Creo que no exagero al decir que muy poco en la vida de Mario Vargas Llosa sería comprensible si no considerásemos este aspecto. Escribir, como nos lo recuerda en “El pez en el agua”, también fue un acto de rebeldía ante “esa autoridad que se impone con brutalidad”, un acto vital de resistencia frente, en este caso, a la violencia de su padre a fin de reivindicar aquella dignidad y libertad que nos debemos y que le debemos a todo ser humano.

De allí su repulsión absoluta a todos los tiranos. Desde el general Odría, el dictador peruano cuyo régimen marcó la juventud de Vargas Llosa, hasta los dictadores y caudillos de izquierdas o derechas que han jalonado nuestro tiempo, llámense estos Brezhnev o Pinochet, Castro o Batista, Chávez, Jomeini o Gadafi.

Esta consideración nos permite abordar la naturaleza misma del pensamiento liberal de Vargas Llosa, aquello que él ha llamado “liberalismo integral”. Se trata de algo fundamental, ya que se desmarca y denuncia una tentación suicida de un cierto “liberalismo”, no poco común en América Latina, que ha tendido a reducir aquel árbol frondoso que es el de la libertad a la economía.

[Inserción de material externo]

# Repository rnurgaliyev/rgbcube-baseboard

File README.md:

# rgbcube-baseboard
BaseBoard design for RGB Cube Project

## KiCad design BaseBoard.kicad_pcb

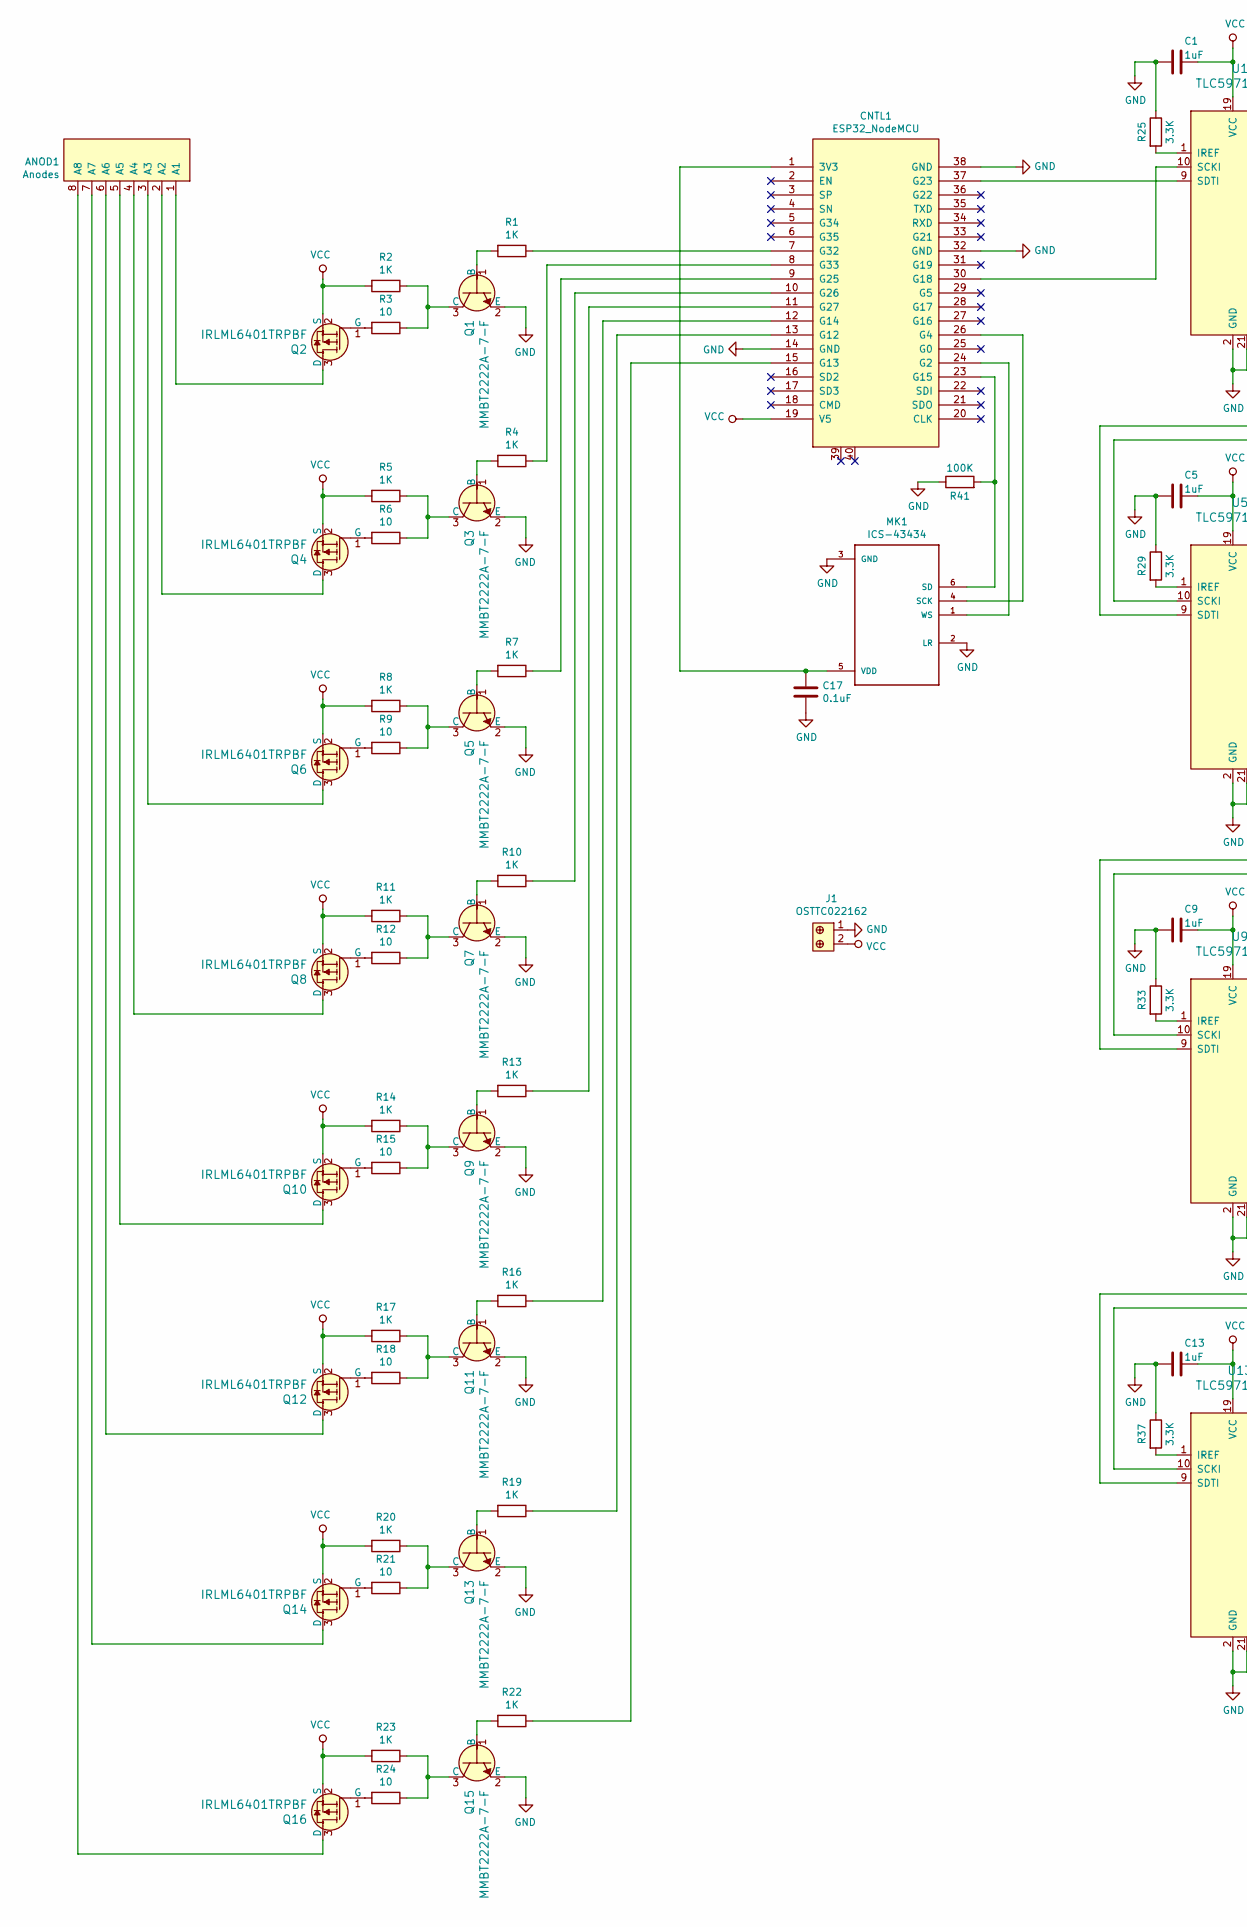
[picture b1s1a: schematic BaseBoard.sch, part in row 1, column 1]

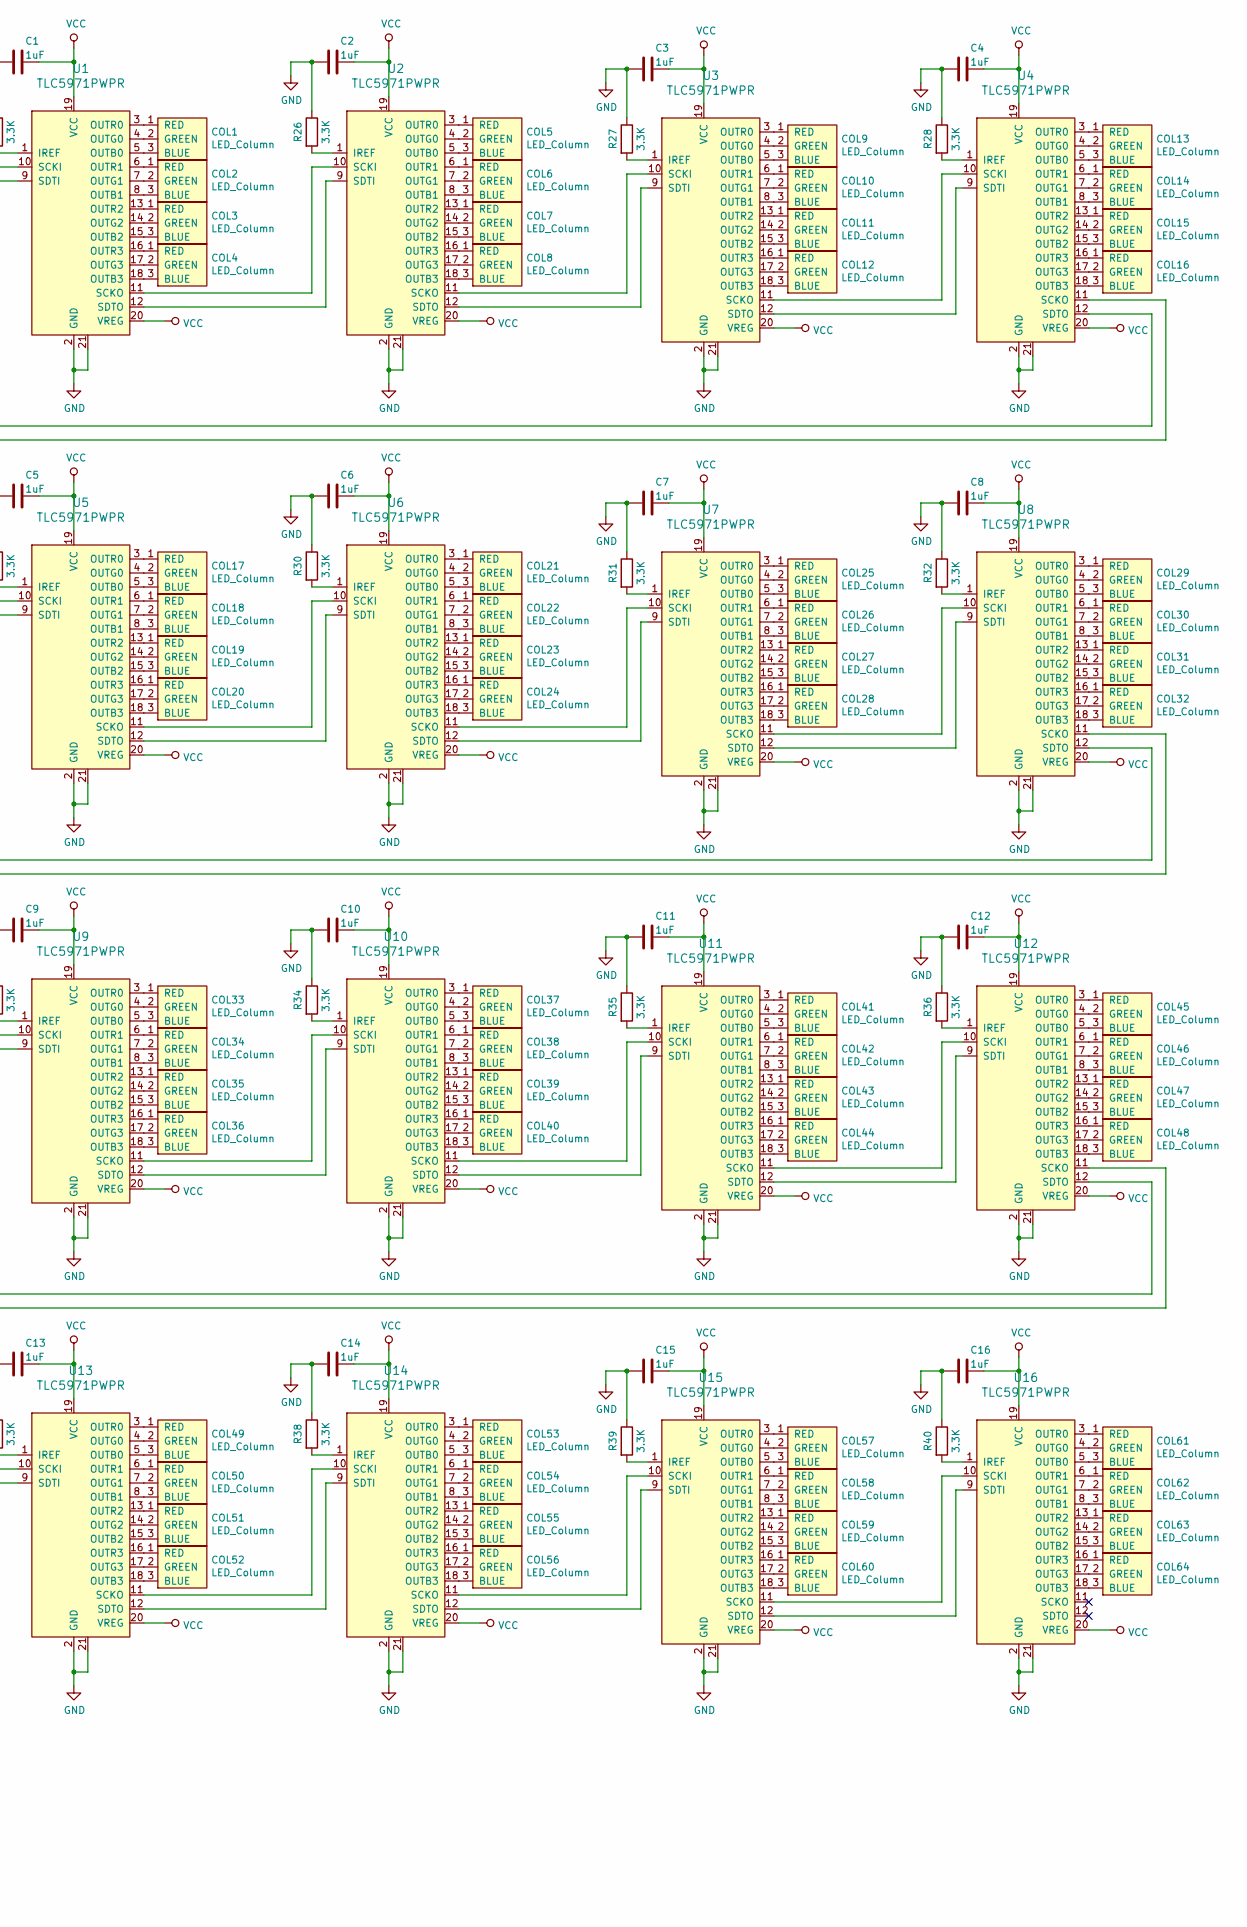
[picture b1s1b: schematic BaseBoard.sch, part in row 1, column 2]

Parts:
ANOD1: Anodes
C1, C2, C3, C4, C5, C6, C7, C8, C9, C10, C11, C12, C13, C14, C15, C16: 1uF; C_0805_2012Metric_Pad1.15x1.40mm_HandSolder
C17: 0.1uF; C_0805_2012Metric_Pad1.15x1.40mm_HandSolder
CNTL1: ESP32_NodeMCU
COL1, COL2, COL3, COL4, COL5, COL6, COL7, COL8, COL9, COL10, COL11, COL12, COL13, COL14, COL15, COL16, COL17, COL18, COL19, COL20, COL21, COL22, COL23, COL24, COL25, COL26, COL27, COL28, COL29, COL30, COL31, COL32, COL33, COL34, COL35, COL36, COL37, COL38, COL39, COL40, COL41, COL42, COL43, COL44, COL45, COL46, COL47, COL48, COL49, COL50, COL51, COL52, COL53, COL54, COL55, COL56, COL57, COL58, COL59, COL60, COL61, COL62, COL63, COL64: LED_Column
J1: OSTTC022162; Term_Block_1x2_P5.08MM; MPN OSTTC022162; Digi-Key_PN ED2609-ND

Esto no quiere decir que Vargas Llosa menosprecie la importancia fundamental de una economía basada en la libertad, aquella que ha permitido, al extenderse recientemente por casi todo el planeta, elevar el nivel de vida de los seres humanos de una manera nunca antes vista. Eso es evidente, y provoca la ira de quienes creen que, al menos en economía, la libertad no es la mejor opción que tenemos. Pero esto no significa transformar esa libertad en la única digna de defenderse o en una especie de libertad superior ante la cual las demás libertades deban postrarse.

Esta toma de posición ha llevado a Vargas Llosa a definir el liberalismo de una manera que nos recuerda el sentido más original, hispánico, de lo que es ser liberal, aquel que Octavio Paz recordó en 1981 al recibir el Premio Cervantes: “La palabra liberal aparece temprano en nuestra literatura. No como una idea o una filosofía, sino como un temple y una disposición del ánimo; más que una ideología, era una virtud”.

Esta virtud, esta forma de ser liberal con la cual nos identificamos está, como Vargas Llosa lo expresó en un texto donde reivindica la herencia intelectual de Ortega y Gasset, “fundada en la tolerancia y el respeto, en el amor por la cultura, en una voluntad de coexistencia con el otro, con los otros, y en una defensa firme de la libertad como un valor supremo”.